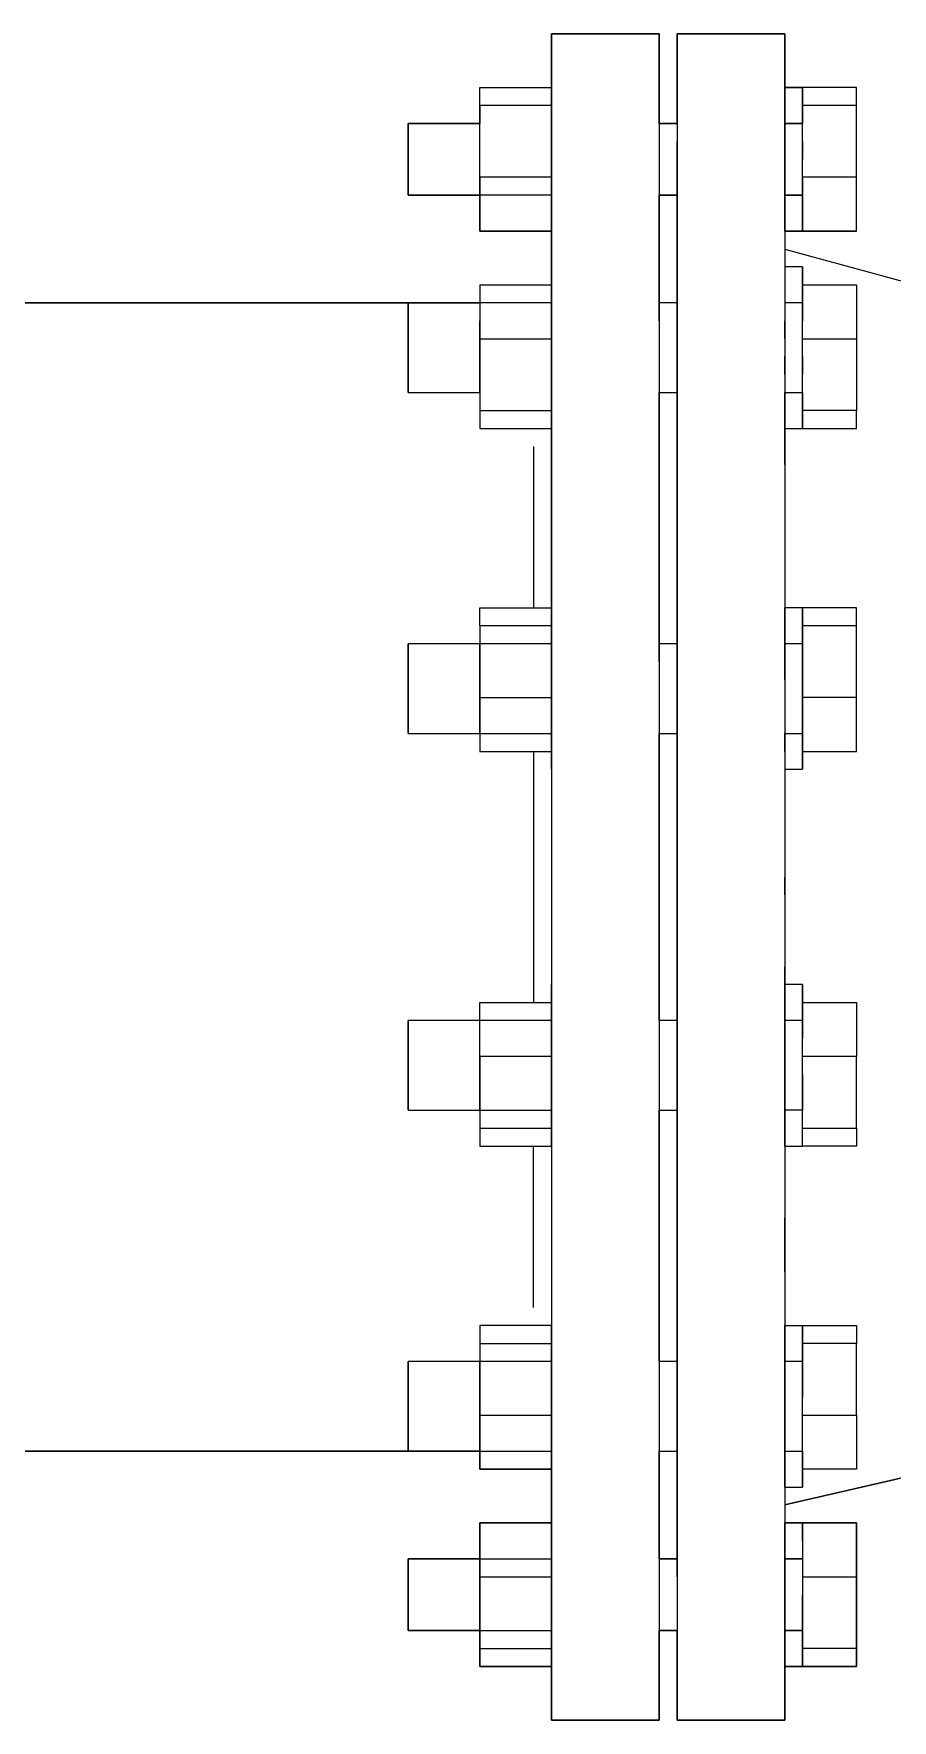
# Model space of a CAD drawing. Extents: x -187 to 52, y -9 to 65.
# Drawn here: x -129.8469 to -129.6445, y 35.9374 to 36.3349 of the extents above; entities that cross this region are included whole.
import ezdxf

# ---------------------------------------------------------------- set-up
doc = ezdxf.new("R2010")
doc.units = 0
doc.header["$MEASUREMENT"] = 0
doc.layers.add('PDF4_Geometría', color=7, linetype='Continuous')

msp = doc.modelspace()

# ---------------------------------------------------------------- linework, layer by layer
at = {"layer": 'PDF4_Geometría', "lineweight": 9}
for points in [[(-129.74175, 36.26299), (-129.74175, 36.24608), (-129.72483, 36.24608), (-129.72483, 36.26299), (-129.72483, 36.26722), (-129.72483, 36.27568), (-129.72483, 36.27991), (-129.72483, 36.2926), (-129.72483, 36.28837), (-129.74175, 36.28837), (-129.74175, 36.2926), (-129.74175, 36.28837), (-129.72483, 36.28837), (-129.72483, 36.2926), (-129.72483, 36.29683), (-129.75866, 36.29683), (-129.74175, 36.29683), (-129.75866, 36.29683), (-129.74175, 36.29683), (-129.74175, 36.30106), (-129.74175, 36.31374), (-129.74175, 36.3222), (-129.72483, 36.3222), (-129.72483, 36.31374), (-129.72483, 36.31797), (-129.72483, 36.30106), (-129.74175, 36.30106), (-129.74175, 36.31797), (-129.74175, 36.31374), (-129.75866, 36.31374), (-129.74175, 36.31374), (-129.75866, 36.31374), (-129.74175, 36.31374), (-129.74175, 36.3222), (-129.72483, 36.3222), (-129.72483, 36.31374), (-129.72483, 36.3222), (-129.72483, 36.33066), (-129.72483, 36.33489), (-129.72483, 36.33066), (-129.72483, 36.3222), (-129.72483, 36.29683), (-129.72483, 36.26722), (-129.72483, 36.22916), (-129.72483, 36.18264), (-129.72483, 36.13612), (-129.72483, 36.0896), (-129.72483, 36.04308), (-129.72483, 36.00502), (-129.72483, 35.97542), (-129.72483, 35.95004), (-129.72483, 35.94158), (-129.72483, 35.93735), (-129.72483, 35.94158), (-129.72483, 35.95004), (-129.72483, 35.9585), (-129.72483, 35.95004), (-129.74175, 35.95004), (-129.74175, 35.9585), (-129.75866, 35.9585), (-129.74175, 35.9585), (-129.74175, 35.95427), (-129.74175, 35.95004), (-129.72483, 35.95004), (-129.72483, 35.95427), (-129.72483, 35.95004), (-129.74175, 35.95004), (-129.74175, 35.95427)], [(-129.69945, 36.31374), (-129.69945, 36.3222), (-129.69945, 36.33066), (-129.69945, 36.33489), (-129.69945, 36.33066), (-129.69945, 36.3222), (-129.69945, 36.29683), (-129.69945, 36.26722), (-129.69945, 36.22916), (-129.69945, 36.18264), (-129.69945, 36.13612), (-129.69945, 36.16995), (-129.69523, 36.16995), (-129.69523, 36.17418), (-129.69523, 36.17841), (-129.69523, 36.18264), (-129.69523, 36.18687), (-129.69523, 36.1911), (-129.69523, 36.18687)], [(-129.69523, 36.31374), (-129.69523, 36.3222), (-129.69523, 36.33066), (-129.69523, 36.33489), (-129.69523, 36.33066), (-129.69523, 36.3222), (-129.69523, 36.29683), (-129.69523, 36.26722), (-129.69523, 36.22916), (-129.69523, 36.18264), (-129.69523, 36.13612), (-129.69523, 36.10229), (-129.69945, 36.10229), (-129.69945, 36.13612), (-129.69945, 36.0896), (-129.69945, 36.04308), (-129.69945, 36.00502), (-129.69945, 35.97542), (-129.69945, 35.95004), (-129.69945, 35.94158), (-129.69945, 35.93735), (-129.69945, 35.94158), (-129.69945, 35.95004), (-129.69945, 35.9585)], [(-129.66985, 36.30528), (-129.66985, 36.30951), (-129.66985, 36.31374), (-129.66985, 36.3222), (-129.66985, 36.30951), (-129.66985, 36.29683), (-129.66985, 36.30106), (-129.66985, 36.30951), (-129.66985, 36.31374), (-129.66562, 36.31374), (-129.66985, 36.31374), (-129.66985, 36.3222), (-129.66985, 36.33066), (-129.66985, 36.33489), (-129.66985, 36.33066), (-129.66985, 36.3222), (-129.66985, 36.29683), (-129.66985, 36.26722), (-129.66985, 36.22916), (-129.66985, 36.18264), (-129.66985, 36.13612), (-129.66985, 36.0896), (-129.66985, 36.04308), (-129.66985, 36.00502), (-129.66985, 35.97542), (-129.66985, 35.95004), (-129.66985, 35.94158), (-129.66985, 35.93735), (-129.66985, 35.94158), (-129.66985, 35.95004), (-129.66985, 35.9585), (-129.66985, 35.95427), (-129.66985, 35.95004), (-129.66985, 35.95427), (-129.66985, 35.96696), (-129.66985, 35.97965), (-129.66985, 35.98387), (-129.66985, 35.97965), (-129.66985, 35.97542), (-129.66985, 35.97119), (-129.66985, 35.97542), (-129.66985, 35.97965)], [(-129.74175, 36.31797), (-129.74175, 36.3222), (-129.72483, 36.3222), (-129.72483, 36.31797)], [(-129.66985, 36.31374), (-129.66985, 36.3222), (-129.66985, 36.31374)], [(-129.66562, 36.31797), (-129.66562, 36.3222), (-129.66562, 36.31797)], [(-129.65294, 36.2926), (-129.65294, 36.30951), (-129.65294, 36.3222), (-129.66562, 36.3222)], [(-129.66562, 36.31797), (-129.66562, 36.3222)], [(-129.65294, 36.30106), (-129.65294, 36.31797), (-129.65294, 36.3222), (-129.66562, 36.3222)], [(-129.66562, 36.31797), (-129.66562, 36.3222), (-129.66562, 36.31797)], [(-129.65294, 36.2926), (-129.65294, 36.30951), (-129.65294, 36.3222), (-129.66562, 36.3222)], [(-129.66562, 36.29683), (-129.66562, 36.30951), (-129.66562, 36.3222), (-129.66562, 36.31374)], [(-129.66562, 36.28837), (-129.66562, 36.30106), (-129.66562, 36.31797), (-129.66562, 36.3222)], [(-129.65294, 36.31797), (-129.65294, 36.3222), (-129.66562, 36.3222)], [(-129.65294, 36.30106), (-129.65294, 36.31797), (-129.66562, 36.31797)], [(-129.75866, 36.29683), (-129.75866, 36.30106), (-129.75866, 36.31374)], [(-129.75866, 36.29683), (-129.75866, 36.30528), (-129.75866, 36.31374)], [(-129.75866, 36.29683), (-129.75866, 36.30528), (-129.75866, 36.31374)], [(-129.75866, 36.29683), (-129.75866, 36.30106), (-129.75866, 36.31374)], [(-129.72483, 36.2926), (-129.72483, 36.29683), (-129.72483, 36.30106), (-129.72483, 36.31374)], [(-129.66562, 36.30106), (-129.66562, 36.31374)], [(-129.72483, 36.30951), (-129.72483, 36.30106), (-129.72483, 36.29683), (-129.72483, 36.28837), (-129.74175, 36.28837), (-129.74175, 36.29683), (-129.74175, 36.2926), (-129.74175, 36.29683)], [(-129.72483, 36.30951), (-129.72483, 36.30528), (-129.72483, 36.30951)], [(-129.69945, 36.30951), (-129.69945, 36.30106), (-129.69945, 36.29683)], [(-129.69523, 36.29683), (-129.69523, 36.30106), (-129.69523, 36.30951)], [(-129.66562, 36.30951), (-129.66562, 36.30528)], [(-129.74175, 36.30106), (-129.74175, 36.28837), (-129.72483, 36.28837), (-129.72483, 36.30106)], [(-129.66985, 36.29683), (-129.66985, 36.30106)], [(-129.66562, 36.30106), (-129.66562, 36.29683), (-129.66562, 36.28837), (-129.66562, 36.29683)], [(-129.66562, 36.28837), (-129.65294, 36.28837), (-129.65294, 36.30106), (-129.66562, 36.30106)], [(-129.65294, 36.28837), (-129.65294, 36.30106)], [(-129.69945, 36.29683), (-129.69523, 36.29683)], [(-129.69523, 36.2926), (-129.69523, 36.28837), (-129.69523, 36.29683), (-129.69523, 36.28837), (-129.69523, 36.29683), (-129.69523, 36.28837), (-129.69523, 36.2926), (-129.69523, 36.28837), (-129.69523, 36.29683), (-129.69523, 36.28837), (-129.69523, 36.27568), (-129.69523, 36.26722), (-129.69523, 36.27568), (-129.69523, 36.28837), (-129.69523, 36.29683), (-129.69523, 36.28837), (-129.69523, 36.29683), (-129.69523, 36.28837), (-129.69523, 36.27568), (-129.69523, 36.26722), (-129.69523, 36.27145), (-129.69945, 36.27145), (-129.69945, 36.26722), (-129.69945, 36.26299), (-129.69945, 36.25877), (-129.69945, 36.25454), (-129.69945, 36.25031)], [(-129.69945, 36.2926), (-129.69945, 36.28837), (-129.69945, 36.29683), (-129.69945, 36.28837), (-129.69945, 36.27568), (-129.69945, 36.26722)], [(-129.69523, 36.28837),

_____

**What the exercise asks**
If a line comes after the line with "import ezdxf", it stays out; print exactly every line from the start of the entries up to and including that line, but no pictures.

**Task result**
# Model space of a CAD drawing. Extents: x -187 to 52, y -9 to 65.
# Drawn here: x -129.8469 to -129.6445, y 35.9374 to 36.3349 of the extents above; entities that cross this region are included whole.
import ezdxf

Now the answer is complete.